Since October is Cybersecurity Awareness Month, the campaign offers opportunities throughout the month, both on campus and online, for students to learn how to keep their data safe.

The campaign also comes in the wake of a recent data breach in which almost 6,000 myUK accounts were leaked onto the Dark Web due to a third-party website failure.

Marci Adams, representing the communications department of ITS, said that the campaign has expanded every year to reach as many people as possible.

“Initially, it started with just tabling, and then we added a social media campaign posting a [cybersecurity] tip every single day in October,” said Adams. “We also put initiatives on our #SecureBlue website like cybersecurity training that faculty and staff can do.”

“We try to target…various means of social media,” added Michael Sheron, representing the IT Security and Policy department. “This year in particular, we’re doing a lot of presentations to student organizations and UK 101 classes …We always look at what we did the year before and try to find new ways of reaching out.”

Sheron also stressed the importance of student input in designing each year’s #SecureBlue campaign.

“I’m almost 50, so social media to me is Facebook and Twitter, but those types of things are less popular than they were,” said Sheron. “The students provide us with new insights.”

Adams and Sheron explained that incorporating games into the campaign increases student participation. This year’s tabling events, taking place at various locations across campus, allow students to win prizes by answering trivia questions about malware, phishing, and other threats to cybersecurity.

“I thought the questions were pretty cool,” said occupational medicine resident Adrianne Deveira after visiting a table in the College of Nursing. “He asked me about brute force…where an attacker will just guess all the passwords until they get something right, and I got it correct.”

Seniors Wesley Robinson and Chase Karlen, who managed the table, said they hope the events make students more proactive toward their own safety.

“[Cybersecurity] may be looked at as something small, but it’s actually grown into something that’s really important and a big part of our lives,” said Robinson. “Everything nowadays is switching over to the internet, and they need the people there to be able to protect them.”

Sheron agreed that student awareness is critical to the campaign’s effectiveness.
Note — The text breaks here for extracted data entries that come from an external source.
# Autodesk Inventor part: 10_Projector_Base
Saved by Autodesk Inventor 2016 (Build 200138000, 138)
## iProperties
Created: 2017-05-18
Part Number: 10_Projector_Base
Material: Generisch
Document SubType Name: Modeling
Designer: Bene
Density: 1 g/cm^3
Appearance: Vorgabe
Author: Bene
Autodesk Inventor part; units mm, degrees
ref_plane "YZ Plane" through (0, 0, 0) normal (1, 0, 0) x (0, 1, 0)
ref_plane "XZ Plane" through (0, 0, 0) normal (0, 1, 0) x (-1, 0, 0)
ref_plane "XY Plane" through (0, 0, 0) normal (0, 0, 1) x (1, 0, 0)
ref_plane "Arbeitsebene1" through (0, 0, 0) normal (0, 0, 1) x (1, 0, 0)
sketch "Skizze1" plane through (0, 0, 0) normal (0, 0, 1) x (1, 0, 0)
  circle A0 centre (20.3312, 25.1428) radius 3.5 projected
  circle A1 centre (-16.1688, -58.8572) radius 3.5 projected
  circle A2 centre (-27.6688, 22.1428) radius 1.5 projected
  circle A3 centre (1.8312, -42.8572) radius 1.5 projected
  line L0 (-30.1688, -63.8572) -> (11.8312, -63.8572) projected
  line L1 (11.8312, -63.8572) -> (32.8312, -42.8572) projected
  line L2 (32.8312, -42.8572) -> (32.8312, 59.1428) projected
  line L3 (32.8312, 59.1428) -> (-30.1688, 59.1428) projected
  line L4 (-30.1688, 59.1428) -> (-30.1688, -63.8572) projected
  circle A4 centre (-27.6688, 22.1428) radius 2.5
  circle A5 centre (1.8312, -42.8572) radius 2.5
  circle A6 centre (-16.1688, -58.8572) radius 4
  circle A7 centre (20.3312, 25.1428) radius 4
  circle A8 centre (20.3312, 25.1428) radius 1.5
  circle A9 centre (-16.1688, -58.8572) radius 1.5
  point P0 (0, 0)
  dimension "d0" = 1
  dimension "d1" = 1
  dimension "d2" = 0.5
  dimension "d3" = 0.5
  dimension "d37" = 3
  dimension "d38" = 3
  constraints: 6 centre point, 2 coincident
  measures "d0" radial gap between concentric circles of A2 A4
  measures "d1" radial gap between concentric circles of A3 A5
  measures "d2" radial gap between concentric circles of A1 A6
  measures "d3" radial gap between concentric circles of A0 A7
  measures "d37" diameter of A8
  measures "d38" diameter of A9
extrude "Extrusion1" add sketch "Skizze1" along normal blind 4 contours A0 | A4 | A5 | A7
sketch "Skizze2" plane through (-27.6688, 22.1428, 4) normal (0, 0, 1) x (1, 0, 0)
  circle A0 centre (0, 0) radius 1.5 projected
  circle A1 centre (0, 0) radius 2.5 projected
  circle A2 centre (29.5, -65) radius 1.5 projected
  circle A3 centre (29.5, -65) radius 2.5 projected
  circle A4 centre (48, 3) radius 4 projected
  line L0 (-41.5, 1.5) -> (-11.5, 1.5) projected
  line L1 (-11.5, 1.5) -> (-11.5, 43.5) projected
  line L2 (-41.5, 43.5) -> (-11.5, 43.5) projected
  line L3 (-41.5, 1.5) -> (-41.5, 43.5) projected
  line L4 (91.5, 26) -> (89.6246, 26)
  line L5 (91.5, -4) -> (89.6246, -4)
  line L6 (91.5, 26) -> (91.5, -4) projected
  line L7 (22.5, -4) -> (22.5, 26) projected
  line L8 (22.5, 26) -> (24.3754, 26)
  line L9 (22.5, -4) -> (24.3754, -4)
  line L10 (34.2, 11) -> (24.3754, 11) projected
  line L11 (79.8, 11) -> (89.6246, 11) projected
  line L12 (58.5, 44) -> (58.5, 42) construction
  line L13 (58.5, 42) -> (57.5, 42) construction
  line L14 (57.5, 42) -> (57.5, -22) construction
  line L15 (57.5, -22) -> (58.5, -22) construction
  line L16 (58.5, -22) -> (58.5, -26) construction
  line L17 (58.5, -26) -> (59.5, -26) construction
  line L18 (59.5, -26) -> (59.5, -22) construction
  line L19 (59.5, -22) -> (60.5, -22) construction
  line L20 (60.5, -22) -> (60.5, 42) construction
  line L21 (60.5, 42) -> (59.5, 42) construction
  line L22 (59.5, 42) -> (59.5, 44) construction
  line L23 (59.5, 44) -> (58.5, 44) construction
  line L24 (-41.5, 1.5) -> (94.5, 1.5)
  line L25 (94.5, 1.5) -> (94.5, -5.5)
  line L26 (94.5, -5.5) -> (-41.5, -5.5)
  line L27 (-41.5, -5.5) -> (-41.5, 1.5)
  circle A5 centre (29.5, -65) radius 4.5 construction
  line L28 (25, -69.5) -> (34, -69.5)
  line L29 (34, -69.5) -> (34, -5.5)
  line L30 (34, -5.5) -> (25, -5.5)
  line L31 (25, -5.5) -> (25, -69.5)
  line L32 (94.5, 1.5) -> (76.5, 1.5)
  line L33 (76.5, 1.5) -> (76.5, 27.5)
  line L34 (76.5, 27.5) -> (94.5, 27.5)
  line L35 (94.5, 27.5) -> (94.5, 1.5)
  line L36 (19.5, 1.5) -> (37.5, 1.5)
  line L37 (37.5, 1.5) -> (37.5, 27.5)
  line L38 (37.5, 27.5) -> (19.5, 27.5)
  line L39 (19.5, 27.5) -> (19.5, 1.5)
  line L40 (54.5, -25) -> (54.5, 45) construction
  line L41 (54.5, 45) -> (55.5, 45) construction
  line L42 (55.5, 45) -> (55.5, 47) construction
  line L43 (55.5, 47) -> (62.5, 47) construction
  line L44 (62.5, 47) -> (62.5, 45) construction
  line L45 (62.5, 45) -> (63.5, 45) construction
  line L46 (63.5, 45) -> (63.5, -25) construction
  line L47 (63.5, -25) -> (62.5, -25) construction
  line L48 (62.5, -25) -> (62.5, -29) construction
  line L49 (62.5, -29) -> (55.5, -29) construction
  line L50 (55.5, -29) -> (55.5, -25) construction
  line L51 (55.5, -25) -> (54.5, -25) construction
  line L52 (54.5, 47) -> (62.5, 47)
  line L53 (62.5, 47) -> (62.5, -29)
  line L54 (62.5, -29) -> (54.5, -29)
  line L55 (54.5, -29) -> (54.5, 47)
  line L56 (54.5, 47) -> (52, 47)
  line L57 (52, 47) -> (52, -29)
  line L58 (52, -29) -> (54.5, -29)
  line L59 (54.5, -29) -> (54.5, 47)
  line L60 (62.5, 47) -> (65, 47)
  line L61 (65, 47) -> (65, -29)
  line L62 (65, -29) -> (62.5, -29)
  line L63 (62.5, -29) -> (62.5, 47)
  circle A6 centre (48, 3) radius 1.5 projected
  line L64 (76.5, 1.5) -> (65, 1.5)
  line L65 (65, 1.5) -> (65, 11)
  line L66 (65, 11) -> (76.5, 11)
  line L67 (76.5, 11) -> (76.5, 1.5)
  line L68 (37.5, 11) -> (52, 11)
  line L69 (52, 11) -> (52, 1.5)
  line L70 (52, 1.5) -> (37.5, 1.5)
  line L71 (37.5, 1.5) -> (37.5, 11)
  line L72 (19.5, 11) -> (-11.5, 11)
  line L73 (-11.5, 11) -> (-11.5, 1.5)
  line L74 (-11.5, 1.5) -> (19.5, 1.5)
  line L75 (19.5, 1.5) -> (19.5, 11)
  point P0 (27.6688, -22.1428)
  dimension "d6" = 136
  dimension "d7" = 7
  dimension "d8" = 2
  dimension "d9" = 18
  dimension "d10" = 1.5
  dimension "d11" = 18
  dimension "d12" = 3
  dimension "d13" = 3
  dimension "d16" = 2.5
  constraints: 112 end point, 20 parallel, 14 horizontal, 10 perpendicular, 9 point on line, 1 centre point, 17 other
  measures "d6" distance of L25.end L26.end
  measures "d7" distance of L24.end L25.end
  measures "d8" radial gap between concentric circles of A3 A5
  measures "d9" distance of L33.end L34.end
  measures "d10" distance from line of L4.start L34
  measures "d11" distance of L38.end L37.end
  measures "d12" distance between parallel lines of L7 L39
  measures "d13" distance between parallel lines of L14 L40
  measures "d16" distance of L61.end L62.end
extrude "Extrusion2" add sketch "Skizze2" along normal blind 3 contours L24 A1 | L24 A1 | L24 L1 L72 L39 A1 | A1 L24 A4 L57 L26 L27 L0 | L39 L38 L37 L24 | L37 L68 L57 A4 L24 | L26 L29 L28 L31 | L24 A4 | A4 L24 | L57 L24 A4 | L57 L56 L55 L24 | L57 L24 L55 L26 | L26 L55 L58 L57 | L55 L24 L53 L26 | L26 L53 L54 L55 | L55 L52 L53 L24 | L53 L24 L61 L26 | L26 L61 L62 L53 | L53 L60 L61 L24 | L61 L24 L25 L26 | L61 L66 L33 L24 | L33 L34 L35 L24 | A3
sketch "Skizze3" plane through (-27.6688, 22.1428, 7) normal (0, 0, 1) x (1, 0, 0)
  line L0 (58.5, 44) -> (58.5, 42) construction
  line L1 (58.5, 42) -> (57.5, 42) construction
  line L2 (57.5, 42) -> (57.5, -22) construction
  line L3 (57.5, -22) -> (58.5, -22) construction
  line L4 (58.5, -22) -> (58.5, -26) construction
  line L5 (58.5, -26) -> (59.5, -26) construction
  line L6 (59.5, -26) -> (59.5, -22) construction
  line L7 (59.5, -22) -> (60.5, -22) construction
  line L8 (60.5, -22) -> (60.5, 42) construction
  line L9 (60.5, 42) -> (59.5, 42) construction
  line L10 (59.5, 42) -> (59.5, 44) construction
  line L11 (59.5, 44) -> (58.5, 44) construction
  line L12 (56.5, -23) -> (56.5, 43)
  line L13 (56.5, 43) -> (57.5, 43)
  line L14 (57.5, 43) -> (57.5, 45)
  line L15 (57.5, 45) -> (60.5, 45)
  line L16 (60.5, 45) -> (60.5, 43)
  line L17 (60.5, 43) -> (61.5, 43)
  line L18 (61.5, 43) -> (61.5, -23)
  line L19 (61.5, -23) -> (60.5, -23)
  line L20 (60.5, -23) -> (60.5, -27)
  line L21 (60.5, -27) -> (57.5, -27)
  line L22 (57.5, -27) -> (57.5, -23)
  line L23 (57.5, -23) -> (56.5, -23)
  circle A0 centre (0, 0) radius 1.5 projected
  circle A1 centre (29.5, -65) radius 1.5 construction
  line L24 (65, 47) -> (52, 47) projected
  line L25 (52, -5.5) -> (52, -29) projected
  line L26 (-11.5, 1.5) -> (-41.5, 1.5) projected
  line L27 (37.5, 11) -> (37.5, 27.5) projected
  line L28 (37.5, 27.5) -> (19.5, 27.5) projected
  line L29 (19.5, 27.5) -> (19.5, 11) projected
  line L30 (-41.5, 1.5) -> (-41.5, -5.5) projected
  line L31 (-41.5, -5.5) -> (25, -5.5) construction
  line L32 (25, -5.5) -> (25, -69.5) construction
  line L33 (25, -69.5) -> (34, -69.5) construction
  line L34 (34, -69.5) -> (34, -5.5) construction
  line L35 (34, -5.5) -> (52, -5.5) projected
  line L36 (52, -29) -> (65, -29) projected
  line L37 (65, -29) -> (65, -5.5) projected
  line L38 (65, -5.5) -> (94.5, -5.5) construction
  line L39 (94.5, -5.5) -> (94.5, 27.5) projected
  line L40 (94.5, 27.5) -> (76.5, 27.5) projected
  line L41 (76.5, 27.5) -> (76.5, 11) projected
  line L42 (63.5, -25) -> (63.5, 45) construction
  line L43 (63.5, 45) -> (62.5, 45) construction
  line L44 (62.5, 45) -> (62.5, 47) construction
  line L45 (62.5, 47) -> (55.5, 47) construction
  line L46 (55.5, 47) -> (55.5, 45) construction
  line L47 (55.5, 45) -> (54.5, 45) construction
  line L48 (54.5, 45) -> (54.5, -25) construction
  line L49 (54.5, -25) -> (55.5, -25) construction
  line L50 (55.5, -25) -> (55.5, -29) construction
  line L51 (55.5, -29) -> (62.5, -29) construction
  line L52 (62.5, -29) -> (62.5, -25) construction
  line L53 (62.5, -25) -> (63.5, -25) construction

“All of these things…none of them matter if the person sitting in front of the machine doesn’t follow the best practices,” he said. “#SecureBlue is designed to try to help you, as the person who’s sitting in front of this device, keep this device and your information safe. We want you to know how, when you leave this university, to be safe on the internet…[and] in a digital world.”

Student organizations or classes who would like ITS to present during their meetings can contact the department at [email protected].

“It’s important to be aware of how your computer is on the network,” said Karlen. “If your computer gets compromised…then that’s just one leeway that an attacker could use to gain control of other computers.”